# WHAT YOU NEED TO DO:
Using the material that follows, output exactly the lines from the one containing "#42=DIRECTION('',(0.,0.,1.));" through the one containing "#47=VERTEX_POINT('',#46);", with both ends kept.

# SOURCE DATA:

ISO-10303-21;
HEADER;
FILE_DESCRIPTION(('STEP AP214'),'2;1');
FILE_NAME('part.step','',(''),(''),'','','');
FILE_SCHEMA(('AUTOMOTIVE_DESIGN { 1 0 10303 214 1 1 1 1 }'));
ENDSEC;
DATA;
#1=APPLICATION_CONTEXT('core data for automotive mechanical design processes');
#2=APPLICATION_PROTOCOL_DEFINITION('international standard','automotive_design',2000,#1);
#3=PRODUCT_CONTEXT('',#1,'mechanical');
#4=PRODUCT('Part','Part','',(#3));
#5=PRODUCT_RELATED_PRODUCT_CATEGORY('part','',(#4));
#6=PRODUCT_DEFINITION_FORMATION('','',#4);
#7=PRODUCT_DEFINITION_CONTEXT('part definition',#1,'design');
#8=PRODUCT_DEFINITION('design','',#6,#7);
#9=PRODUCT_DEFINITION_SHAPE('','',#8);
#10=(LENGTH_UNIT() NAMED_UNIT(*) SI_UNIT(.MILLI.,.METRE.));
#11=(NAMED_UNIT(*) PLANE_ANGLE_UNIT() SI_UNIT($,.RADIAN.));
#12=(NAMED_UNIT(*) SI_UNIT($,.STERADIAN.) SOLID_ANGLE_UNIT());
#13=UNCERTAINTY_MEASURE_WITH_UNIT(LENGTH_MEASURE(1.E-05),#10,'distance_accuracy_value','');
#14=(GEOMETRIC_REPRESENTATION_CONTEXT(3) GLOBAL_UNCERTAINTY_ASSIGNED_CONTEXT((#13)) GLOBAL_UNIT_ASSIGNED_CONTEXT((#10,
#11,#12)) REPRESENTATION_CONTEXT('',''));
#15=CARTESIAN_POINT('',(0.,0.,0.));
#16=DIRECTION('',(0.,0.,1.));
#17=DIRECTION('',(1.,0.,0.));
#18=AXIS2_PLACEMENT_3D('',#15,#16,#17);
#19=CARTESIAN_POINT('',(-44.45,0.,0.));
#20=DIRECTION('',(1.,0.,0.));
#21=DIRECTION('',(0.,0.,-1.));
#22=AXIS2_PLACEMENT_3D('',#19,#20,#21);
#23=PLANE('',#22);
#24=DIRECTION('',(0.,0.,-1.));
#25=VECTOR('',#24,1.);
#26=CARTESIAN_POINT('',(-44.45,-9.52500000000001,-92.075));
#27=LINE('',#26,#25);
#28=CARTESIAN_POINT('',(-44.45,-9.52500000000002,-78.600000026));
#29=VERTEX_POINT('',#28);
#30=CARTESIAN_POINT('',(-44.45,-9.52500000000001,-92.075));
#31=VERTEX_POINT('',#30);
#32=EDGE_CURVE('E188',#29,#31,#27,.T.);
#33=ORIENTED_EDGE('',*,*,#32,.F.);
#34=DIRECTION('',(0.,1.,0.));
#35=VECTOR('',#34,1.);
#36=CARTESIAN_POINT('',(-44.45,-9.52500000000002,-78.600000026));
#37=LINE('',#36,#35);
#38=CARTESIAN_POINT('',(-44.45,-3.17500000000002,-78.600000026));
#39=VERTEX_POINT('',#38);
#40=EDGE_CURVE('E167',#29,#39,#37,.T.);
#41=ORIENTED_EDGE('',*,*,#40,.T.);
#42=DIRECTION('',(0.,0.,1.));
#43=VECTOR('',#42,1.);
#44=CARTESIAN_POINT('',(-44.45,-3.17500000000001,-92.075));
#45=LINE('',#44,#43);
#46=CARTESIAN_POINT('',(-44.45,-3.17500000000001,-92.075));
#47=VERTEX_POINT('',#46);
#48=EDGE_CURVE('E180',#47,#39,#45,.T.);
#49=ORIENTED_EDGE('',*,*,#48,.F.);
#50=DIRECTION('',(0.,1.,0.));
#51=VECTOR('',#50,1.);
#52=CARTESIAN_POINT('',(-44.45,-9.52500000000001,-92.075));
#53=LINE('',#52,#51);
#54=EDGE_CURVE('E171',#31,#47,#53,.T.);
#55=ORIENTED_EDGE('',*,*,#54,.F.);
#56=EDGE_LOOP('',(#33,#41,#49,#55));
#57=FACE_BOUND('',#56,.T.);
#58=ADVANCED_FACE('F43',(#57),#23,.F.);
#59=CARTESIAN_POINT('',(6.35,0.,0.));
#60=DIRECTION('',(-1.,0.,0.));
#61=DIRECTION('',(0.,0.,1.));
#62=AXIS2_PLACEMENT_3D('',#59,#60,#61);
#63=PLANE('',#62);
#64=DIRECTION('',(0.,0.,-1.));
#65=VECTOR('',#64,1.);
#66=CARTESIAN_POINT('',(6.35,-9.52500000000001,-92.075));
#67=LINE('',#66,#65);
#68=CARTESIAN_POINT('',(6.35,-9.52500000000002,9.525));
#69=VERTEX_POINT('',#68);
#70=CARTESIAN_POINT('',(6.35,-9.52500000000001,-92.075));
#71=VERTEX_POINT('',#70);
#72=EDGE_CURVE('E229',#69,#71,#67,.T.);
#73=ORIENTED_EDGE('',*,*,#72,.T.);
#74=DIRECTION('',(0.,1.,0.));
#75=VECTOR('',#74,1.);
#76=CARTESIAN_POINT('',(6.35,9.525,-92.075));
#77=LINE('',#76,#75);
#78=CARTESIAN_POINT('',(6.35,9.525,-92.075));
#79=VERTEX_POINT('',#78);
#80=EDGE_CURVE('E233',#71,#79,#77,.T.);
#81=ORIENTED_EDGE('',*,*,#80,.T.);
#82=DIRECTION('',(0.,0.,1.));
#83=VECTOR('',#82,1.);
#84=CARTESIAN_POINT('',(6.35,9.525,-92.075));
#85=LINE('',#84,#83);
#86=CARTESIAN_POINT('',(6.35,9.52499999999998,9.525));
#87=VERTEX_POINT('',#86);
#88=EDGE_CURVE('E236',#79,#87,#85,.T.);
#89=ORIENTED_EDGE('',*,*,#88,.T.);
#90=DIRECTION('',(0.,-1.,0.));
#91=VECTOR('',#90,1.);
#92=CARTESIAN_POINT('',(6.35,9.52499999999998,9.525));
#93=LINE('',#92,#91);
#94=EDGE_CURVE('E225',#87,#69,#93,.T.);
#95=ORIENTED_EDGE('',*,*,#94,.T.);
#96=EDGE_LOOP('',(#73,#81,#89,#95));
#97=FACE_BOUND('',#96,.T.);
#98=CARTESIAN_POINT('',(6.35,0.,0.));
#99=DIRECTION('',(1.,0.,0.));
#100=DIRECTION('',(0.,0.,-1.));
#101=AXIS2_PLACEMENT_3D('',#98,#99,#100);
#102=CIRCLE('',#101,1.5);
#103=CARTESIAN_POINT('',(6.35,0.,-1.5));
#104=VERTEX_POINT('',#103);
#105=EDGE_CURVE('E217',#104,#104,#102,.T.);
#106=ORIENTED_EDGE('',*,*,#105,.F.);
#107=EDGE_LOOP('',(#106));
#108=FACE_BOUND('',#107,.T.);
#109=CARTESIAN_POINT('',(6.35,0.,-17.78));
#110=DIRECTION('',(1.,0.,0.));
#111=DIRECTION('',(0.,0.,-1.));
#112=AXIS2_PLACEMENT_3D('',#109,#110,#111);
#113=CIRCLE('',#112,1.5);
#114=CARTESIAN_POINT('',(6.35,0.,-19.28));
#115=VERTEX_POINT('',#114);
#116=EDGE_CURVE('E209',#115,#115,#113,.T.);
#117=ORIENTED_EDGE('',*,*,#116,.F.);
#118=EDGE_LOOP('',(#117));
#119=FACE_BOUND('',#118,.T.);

# TASK RESULT:
#42=DIRECTION('',(0.,0.,1.));
#43=VECTOR('',#42,1.);
#44=CARTESIAN_POINT('',(-44.45,-3.17500000000001,-92.075));
#45=LINE('',#44,#43);
#46=CARTESIAN_POINT('',(-44.45,-3.17500000000001,-92.075));
#47=VERTEX_POINT('',#46);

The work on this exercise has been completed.